Mitos stunting masih banyak dipercaya masyarakat dan membuat orang tua salah kaprah dalam memahami pertumbuhan anak. Padahal, stunting adalah kondisi gagal tumbuh akibat kekurangan gizi kronis sejak dalam kandungan hingga anak berusia dua tahun, yang berdampak bukan hanya pada tinggi badan, tetapi juga kecerdasan dan kesehatan jangka panjang.

Oleh karena itu, penting bagi orang tua mengenali berbagai mitos yang sering beredar di masyarakat. Berikut beberapa mitos stunting yang masih banyak dipercaya dan faktanya menurut ahli gizi serta sumber resmi kesehatan.

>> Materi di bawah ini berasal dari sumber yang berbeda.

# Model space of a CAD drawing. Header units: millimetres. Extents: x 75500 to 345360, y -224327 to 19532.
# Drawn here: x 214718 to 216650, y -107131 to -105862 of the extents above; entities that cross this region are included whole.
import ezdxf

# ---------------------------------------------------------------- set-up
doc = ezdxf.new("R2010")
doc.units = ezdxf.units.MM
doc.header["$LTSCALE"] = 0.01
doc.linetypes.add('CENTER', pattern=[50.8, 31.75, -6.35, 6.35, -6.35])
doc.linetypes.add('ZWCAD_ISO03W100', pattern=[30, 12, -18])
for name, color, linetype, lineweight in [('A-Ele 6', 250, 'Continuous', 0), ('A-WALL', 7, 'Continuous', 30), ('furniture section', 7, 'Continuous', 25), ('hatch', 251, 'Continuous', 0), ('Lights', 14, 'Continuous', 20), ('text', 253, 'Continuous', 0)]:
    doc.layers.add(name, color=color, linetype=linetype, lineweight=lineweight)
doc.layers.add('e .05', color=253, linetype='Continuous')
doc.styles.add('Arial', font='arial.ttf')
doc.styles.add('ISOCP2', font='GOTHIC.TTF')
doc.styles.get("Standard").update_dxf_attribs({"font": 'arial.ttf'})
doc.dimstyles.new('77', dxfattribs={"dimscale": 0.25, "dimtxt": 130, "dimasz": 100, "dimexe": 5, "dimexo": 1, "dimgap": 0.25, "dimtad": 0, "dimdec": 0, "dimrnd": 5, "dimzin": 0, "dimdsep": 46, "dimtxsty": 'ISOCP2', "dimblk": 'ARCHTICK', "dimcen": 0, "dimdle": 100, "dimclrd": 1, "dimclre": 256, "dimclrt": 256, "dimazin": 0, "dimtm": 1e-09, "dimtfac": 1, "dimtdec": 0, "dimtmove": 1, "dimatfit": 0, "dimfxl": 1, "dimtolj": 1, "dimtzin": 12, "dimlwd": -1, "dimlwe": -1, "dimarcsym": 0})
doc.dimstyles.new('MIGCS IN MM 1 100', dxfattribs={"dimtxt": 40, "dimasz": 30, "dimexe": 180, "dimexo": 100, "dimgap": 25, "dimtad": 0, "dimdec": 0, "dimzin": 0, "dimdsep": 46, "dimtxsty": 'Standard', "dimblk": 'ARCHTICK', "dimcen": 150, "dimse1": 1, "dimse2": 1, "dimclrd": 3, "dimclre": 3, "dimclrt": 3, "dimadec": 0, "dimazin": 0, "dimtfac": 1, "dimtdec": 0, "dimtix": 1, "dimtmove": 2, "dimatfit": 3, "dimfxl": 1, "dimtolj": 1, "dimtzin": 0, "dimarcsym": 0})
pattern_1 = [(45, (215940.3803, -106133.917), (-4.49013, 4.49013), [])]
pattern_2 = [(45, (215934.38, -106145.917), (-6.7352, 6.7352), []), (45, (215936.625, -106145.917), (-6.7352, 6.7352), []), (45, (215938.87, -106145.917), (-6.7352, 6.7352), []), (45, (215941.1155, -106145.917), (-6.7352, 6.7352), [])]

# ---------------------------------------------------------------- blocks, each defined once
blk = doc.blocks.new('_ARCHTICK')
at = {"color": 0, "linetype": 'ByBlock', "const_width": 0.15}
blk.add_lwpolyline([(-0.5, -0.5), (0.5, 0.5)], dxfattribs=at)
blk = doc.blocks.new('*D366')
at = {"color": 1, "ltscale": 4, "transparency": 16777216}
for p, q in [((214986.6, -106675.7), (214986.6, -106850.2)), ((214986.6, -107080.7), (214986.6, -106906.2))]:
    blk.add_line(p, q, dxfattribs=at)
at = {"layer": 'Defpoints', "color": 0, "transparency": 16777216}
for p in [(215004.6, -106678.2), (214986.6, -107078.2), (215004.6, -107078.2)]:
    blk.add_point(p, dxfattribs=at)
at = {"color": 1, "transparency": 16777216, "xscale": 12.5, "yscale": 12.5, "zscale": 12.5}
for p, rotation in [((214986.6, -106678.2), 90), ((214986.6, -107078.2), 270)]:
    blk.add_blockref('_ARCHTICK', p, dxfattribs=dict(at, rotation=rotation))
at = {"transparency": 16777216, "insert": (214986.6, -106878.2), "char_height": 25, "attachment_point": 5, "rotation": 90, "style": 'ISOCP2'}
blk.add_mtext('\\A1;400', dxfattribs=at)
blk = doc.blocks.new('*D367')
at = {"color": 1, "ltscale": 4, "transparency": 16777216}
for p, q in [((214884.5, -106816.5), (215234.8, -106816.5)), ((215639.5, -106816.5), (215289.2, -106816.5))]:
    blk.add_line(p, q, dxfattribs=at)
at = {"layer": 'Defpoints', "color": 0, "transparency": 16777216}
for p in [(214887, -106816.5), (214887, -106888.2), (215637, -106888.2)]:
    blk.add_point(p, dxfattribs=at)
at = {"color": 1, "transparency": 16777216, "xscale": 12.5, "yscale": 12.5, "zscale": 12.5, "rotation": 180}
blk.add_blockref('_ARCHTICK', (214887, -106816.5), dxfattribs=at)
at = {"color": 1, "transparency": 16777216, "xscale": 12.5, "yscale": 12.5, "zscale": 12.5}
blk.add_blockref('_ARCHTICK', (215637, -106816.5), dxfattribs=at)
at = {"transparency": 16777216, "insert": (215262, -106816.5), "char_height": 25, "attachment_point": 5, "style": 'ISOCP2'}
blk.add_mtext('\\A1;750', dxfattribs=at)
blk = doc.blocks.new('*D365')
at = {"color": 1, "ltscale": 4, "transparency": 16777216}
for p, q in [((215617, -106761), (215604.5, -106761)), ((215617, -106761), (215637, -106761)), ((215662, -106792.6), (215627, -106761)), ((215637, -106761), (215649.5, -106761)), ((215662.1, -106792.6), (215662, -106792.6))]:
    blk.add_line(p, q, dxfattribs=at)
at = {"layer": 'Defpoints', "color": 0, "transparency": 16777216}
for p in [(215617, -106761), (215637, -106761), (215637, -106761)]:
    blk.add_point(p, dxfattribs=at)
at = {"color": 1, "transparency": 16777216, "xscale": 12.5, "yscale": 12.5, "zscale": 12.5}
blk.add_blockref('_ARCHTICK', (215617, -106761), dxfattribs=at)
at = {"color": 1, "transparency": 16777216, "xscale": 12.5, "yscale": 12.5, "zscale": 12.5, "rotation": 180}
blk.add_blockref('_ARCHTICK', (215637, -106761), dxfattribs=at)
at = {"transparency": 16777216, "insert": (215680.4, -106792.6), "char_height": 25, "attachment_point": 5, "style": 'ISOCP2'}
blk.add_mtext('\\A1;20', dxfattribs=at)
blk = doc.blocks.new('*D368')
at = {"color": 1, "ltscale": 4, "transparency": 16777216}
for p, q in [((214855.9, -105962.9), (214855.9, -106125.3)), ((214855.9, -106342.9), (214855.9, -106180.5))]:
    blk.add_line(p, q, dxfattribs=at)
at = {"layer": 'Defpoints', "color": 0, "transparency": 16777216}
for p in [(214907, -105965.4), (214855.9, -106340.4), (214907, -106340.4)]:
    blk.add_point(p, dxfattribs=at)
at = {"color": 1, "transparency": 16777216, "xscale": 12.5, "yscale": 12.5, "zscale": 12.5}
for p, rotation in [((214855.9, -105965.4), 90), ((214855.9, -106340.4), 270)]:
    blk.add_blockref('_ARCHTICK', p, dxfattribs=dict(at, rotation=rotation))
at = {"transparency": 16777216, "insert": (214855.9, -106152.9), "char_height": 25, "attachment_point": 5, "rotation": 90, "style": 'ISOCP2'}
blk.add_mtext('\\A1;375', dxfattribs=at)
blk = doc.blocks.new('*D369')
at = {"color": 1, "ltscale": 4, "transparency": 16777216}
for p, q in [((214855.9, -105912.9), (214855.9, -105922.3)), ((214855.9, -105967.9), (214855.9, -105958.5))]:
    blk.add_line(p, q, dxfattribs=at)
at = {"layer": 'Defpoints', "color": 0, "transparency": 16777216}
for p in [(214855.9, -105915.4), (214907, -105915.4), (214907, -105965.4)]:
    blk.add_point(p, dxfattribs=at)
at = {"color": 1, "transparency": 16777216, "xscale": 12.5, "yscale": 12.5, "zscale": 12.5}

1. Stunting Tidak Sama dengan Anak Pendek
Banyak yang beranggapan bahwa anak pendek pasti stunting, padahal tidak selalu begitu. Tinggi badan memang salah satu indikator, tetapi stunting sebenarnya adalah kondisi gagal tumbuh akibat kekurangan gizi kronis sejak dalam kandungan hingga anak berusia dua tahun. Faktor genetik juga bisa membuat anak terlihat lebih pendek dibanding teman sebayanya, sehingga diagnosis stunting harus melalui pengukuran pertumbuhan yang tepat oleh tenaga kesehatan.
2. Stunting Bukan Masalah Keluarga Miskin
Masyarakat sering berpikir bahwa stunting hanya terjadi pada keluarga miskin. Faktanya, anak dari keluarga mampu pun bisa mengalami stunting jika pola makan yang diberikan kurang seimbang, misalnya lebih banyak makanan instan daripada protein hewani dan sayur. Pola asuh yang tidak tepat juga memperburuk kondisi. Dengan demikian, pencegahan stunting bukan hanya soal ekonomi, melainkan kesadaran gizi dalam keluarga.
3. Gizi Buruk dan Stunting Beda
Sebagian orang tua mengira stunting sama dengan gizi buruk. Padahal, gizi buruk adalah kondisi akut yang bisa diperbaiki dengan penanganan cepat, sedangkan stunting merupakan dampak jangka panjang dari kekurangan gizi berulang. Anak stunting biasanya tampak sehat, tetapi pertumbuhan tinggi badannya terhambat. Oleh karena itu, orang tua harus peka terhadap tumbuh kembang anak, tidak hanya menilai dari tampilan fisik semata.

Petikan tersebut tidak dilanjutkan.